Bangladesh's customs and tax system remains backwards by international standards—highly dependent on indirect taxes and inequitable in both incidence and impact. It is considered a major obstacle to investment. Experts believe that internationally aligned revenue policy and administration can play a crucial role in improving the investment climate. In line with the spirit of the July 2024 anti-discrimination movement, the goal has been set to reform the NBR into a modern, internationally standard institution capable of supporting a just, non-discriminatory society.
Currently, about 80% of the revenue collected by the NBR consists of indirect taxes, which fuel inflation and disproportionately burden low- and middle-income groups rather than the wealthy.

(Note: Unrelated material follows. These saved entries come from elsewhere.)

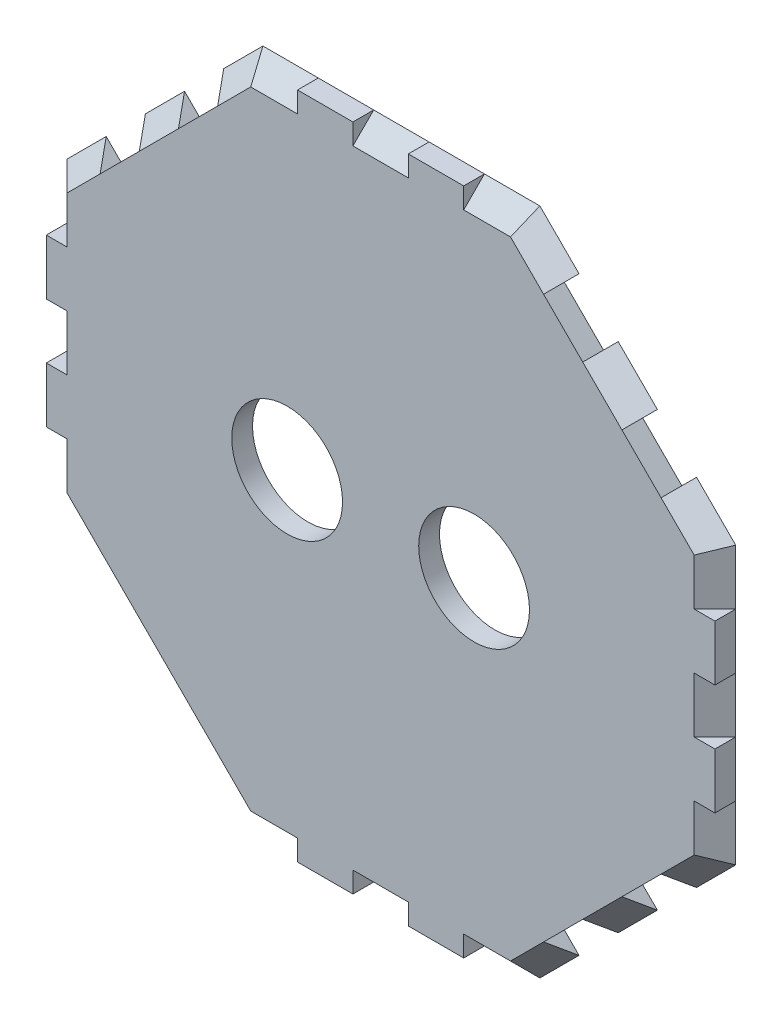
ISO-10303-21;
HEADER;
FILE_DESCRIPTION(('STEP AP214'),'2;1');
FILE_NAME('part.step','',(''),(''),'','','');
FILE_SCHEMA(('AUTOMOTIVE_DESIGN { 1 0 10303 214 1 1 1 1 }'));
ENDSEC;
DATA;
#1=APPLICATION_CONTEXT('core data for automotive mechanical design processes');
#2=APPLICATION_PROTOCOL_DEFINITION('international standard','automotive_design',2000,#1);
#3=PRODUCT_CONTEXT('',#1,'mechanical');
#4=PRODUCT('Part','Part','',(#3));
#5=PRODUCT_RELATED_PRODUCT_CATEGORY('part','',(#4));
#6=PRODUCT_DEFINITION_FORMATION('','',#4);
#7=PRODUCT_DEFINITION_CONTEXT('part definition',#1,'design');
#8=PRODUCT_DEFINITION('design','',#6,#7);
#9=PRODUCT_DEFINITION_SHAPE('','',#8);
#10=(LENGTH_UNIT() NAMED_UNIT(*) SI_UNIT(.MILLI.,.METRE.));
#11=(NAMED_UNIT(*) PLANE_ANGLE_UNIT() SI_UNIT($,.RADIAN.));
#12=(NAMED_UNIT(*) SI_UNIT($,.STERADIAN.) SOLID_ANGLE_UNIT());
#13=UNCERTAINTY_MEASURE_WITH_UNIT(LENGTH_MEASURE(1.E-05),#10,'distance_accuracy_value','');
#14=(GEOMETRIC_REPRESENTATION_CONTEXT(3) GLOBAL_UNCERTAINTY_ASSIGNED_CONTEXT((#13)) GLOBAL_UNIT_ASSIGNED_CONTEXT((#10,
#11,#12)) REPRESENTATION_CONTEXT('',''));
#15=CARTESIAN_POINT('',(0.,0.,0.));
#16=DIRECTION('',(0.,0.,1.));
#17=DIRECTION('',(1.,0.,0.));
#18=AXIS2_PLACEMENT_3D('',#15,#16,#17);
#19=CARTESIAN_POINT('',(32.0208152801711,32.0208152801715,3.));
#20=DIRECTION('',(0.499999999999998,0.500000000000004,0.707106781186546));
#21=DIRECTION('',(0.707106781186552,-0.707106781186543,0.));
#22=AXIS2_PLACEMENT_3D('',#19,#20,#21);
#23=PLANE('',#22);
#24=DIRECTION('',(0.499999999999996,0.500000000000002,-0.707106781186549));
#25=VECTOR('',#24,1.);
#26=CARTESIAN_POINT('',(40.5060966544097,23.535533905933,3.));
#27=LINE('',#26,#25);
#28=CARTESIAN_POINT('',(40.5060966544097,23.535533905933,3.));
#29=VERTEX_POINT('',#28);
#30=CARTESIAN_POINT('',(42.6274169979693,25.6568542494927,0.));
#31=VERTEX_POINT('',#30);
#32=EDGE_CURVE('E11',#29,#31,#27,.T.);
#33=ORIENTED_EDGE('',*,*,#32,.F.);
#34=DIRECTION('',(-0.707106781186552,0.707106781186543,0.));
#35=VECTOR('',#34,1.);
#36=CARTESIAN_POINT('',(17.87867965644,46.1629509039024,3.));
#37=LINE('',#36,#35);
#38=CARTESIAN_POINT('',(45.2842712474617,18.757359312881,3.));
#39=VERTEX_POINT('',#38);
#40=EDGE_CURVE('E469',#39,#29,#37,.T.);
#41=ORIENTED_EDGE('',*,*,#40,.F.);
#42=DIRECTION('',(0.678598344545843,0.281084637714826,-0.678598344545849));
#43=VECTOR('',#42,1.);
#44=CARTESIAN_POINT('',(41.7064255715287,17.2753671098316,6.57784567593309));
#45=LINE('',#44,#43);
#46=CARTESIAN_POINT('',(48.2842712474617,20.0000000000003,0.));
#47=VERTEX_POINT('',#46);
#48=EDGE_CURVE('E596',#47,#39,#45,.F.);
#49=ORIENTED_EDGE('',*,*,#48,.F.);
#50=DIRECTION('',(-0.707106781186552,0.707106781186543,0.));
#51=VECTOR('',#50,1.);
#52=CARTESIAN_POINT('',(48.2842712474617,20.0000000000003,0.));
#53=LINE('',#52,#51);
#54=EDGE_CURVE('E569',#47,#31,#53,.T.);
#55=ORIENTED_EDGE('',*,*,#54,.T.);
#56=EDGE_LOOP('',(#33,#41,#49,#55));
#57=FACE_BOUND('',#56,.T.);
#58=ADVANCED_FACE('F34',(#57),#23,.T.);
#59=DIRECTION('',(-0.499999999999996,-0.500000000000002,0.707106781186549));
#60=VECTOR('',#59,1.);
#61=CARTESIAN_POINT('',(34.8492424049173,29.1923881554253,3.));
#62=LINE('',#61,#60);
#63=CARTESIAN_POINT('',(36.9705627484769,31.313708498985,0.));
#64=VERTEX_POINT('',#63);
#65=CARTESIAN_POINT('',(34.8492424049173,29.1923881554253,3.));
#66=VERTEX_POINT('',#65);
#67=EDGE_CURVE('E42',#64,#66,#62,.T.);
#68=ORIENTED_EDGE('',*,*,#67,.F.);
#69=CARTESIAN_POINT('',(31.3137084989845,36.9705627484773,0.));
#70=VERTEX_POINT('',#69);
#71=EDGE_CURVE('E573',#64,#70,#53,.T.);
#72=ORIENTED_EDGE('',*,*,#71,.T.);
#73=DIRECTION('',(0.499999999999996,0.500000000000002,-0.707106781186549));
#74=VECTOR('',#73,1.);
#75=CARTESIAN_POINT('',(29.1923881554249,34.8492424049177,3.));
#76=LINE('',#75,#74);
#77=CARTESIAN_POINT('',(29.1923881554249,34.8492424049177,3.));
#78=VERTEX_POINT('',#77);
#79=EDGE_CURVE('E664',#78,#70,#76,.T.);
#80=ORIENTED_EDGE('',*,*,#79,.F.);
#81=EDGE_CURVE('E473',#66,#78,#37,.T.);
#82=ORIENTED_EDGE('',*,*,#81,.F.);
#83=EDGE_LOOP('',(#68,#72,#80,#82));
#84=FACE_BOUND('',#83,.T.);
#85=ADVANCED_FACE('F674',(#84),#23,.T.);
#86=CARTESIAN_POINT('',(-32.0208152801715,32.0208152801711,3.));
#87=DIRECTION('',(-0.500000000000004,0.499999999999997,0.707106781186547));
#88=DIRECTION('',(0.707106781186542,0.707106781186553,0.));
#89=AXIS2_PLACEMENT_3D('',#86,#87,#88);
#90=PLANE('',#89);
#91=DIRECTION('',(0.499999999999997,-0.500000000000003,0.707106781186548));
#92=VECTOR('',#91,1.);
#93=CARTESIAN_POINT('',(-40.5060966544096,23.5355339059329,2.99999999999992));
#94=LINE('',#93,#92);
#95=CARTESIAN_POINT('',(-42.6274169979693,25.6568542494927,0.));
#96=VERTEX_POINT('',#95);
#97=CARTESIAN_POINT('',(-40.5060966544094,23.535533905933,3.));
#98=VERTEX_POINT('',#97);
#99=EDGE_CURVE('E659',#96,#98,#94,.T.);
#100=ORIENTED_EDGE('',*,*,#99,.F.);
#101=DIRECTION('',(-0.707106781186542,-0.707106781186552,0.));
#102=VECTOR('',#101,1.);
#103=CARTESIAN_POINT('',(-20.0000000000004,48.2842712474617,0.));
#104=LINE('',#103,#102);
#105=CARTESIAN_POINT('',(-48.284271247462,19.9999999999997,0.));
#106=VERTEX_POINT('',#105);
#107=EDGE_CURVE('E550',#96,#106,#104,.T.);
#108=ORIENTED_EDGE('',*,*,#107,.T.);
#109=DIRECTION('',(0.678598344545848,-0.281084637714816,0.678598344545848));
#110=VECTOR('',#109,1.);
#111=CARTESIAN_POINT('',(-41.7064255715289,17.275367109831,6.57784567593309));
#112=LINE('',#111,#110);
#113=CARTESIAN_POINT('',(-45.284271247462,18.7573593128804,3.));
#114=VERTEX_POINT('',#113);
#115=EDGE_CURVE('E943',#114,#106,#112,.F.);
#116=ORIENTED_EDGE('',*,*,#115,.F.);
#117=DIRECTION('',(-0.707106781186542,-0.707106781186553,0.));
#118=VECTOR('',#117,1.);
#119=CARTESIAN_POINT('',(-46.1629509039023,17.87867965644,3.));
#120=LINE('',#119,#118);
#121=EDGE_CURVE('E494',#98,#114,#120,.T.);
#122=ORIENTED_EDGE('',*,*,#121,.F.);
#123=EDGE_LOOP('',(#100,#108,#116,#122));
#124=FACE_BOUND('',#123,.T.);
#125=ADVANCED_FACE('F1007',(#124),#90,.T.);
#126=DIRECTION('',(-0.499999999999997,0.500000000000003,-0.707106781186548));
#127=VECTOR('',#126,1.);
#128=CARTESIAN_POINT('',(-23.5355339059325,40.5060966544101,3.00000000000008));
#129=LINE('',#128,#127);
#130=CARTESIAN_POINT('',(-23.5355339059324,40.50609665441,3.));
#131=VERTEX_POINT('',#130);
#132=CARTESIAN_POINT('',(-25.6568542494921,42.6274169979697,0.));
#133=VERTEX_POINT('',#132);
#134=EDGE_CURVE('E655',#131,#133,#129,.T.);
#135=ORIENTED_EDGE('',*,*,#134,.F.);
#136=CARTESIAN_POINT('',(-18.757359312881,45.2842712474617,3.));
#137=VERTEX_POINT('',#136);
#138=EDGE_CURVE('E489',#137,#131,#120,.T.);
#139=ORIENTED_EDGE('',*,*,#138,.F.);
#140=DIRECTION('',(-0.281084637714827,0.678598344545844,-0.678598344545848));
#141=VECTOR('',#140,1.);
#142=CARTESIAN_POINT('',(-17.2753671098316,41.7064255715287,6.57784567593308));
#143=LINE('',#142,#141);
#144=CARTESIAN_POINT('',(-20.0000000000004,48.2842712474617,0.));
#145=VERTEX_POINT('',#144);
#146=EDGE_CURVE('E598',#137,#145,#143,.T.);
#147=ORIENTED_EDGE('',*,*,#146,.T.);
#148=EDGE_CURVE('E545',#145,#133,#104,.T.);
#149=ORIENTED_EDGE('',*,*,#148,.T.);
#150=EDGE_LOOP('',(#135,#139,#147,#149));
#151=FACE_BOUND('',#150,.T.);
#152=ADVANCED_FACE('F1001',(#151),#90,.T.);
#153=CARTESIAN_POINT('',(32.0208152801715,-32.0208152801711,3.));
#154=DIRECTION('',(0.500000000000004,-0.499999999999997,0.707106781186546));
#155=DIRECTION('',(-0.707106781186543,-0.707106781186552,0.));
#156=AXIS2_PLACEMENT_3D('',#153,#154,#155);
#157=PLANE('',#156);
#158=DIRECTION('',(-0.499999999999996,0.500000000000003,0.707106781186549));
#159=VECTOR('',#158,1.);
#160=CARTESIAN_POINT('',(40.5060966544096,-23.5355339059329,2.99999999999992));
#161=LINE('',#160,#159);
#162=CARTESIAN_POINT('',(42.6274169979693,-25.6568542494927,0.));
#163=VERTEX_POINT('',#162);
#164=CARTESIAN_POINT('',(40.5060966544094,-23.535533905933,3.));
#165=VERTEX_POINT('',#164);
#166=EDGE_CURVE('E649',#163,#165,#161,.T.);
#167=ORIENTED_EDGE('',*,*,#166,.F.);
#168=DIRECTION('',(0.707106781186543,0.707106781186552,0.));
#169=VECTOR('',#168,1.);
#170=CARTESIAN_POINT('',(20.0000000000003,-48.2842712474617,0.));
#171=LINE('',#170,#169);
#172=CARTESIAN_POINT('',(48.284271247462,-19.9999999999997,0.));
#173=VERTEX_POINT('',#172);
#174=EDGE_CURVE('E505',#163,#173,#171,.T.);
#175=ORIENTED_EDGE('',*,*,#174,.T.);
#176=DIRECTION('',(0.678598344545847,-0.281084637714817,-0.678598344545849));
#177=VECTOR('',#176,1.);
#178=CARTESIAN_POINT('',(41.7064255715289,-17.275367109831,6.57784567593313));
#179=LINE('',#178,#177);
#180=CARTESIAN_POINT('',(45.284271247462,-18.7573593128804,3.));
#181=VERTEX_POINT('',#180);
#182=EDGE_CURVE('E941',#173,#181,#179,.F.);
#183=ORIENTED_EDGE('',*,*,#182,.T.);
#184=DIRECTION('',(0.707106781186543,0.707106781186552,0.));
#185=VECTOR('',#184,1.);
#186=CARTESIAN_POINT('',(46.1629509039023,-17.87867965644,3.));
#187=LINE('',#186,#185);
#188=EDGE_CURVE('E455',#165,#181,#187,.T.);
#189=ORIENTED_EDGE('',*,*,#188,.F.);
#190=EDGE_LOOP('',(#167,#175,#183,#189));
#191=FACE_BOUND('',#190,.T.);
#192=ADVANCED_FACE('F999',(#191),#157,.T.);
#193=DIRECTION('',(0.499999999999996,-0.500000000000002,-0.707106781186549));
#194=VECTOR('',#193,1.);
#195=CARTESIAN_POINT('',(23.5355339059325,-40.5060966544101,3.00000000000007));
#196=LINE('',#195,#194);
#197=CARTESIAN_POINT('',(23.5355339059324,-40.50609665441,3.));
#198=VERTEX_POINT('',#197);
#199=CARTESIAN_POINT('',(25.6568542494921,-42.6274169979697,0.));
#200=VERTEX_POINT('',#199);
#201=EDGE_CURVE('E645',#198,#200,#196,.T.);
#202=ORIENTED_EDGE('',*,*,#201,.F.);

This limits revenue growth while increasing dependence on distorted tax measures and accelerates economic inequality. Hence, reform is necessary to gradually shift from indirect taxes to a direct-tax-based system aligned with best practices.
Bangladesh's tax base and tax net are extremely narrow. According to the IMF, more than half of GDP is exempt from taxation. Recent statistics suggest there are about 6.3 million permanent economic units in the country. Even assuming 80–85% fall below VAT thresholds, around one million should be VAT-registered—yet only about 600,000 are registered, and less than half submit actual returns.
Similarly, although an estimated 40 million individuals are eligible for income tax, only slightly over 10 million are registered, and just around 4.5 million file returns—mostly government and corporate employees. Of roughly 280,000 companies, fewer than 100,000 are within the tax net. Overall compliance averages only about 50%.
The NBR's institutional capacity remains severely inadequate, largely because tax systems have not been effectively and integratively automated. The three tax regimes still operate in silos with minimal data sharing, making it impossible to see a taxpayer's complete profile. This enables evasion, collusion, discretionary abuse, and harassment. Taxpayer services are insufficient, and dispute resolution mechanisms—though legally provided—remain ineffective due to reluctance on both sides.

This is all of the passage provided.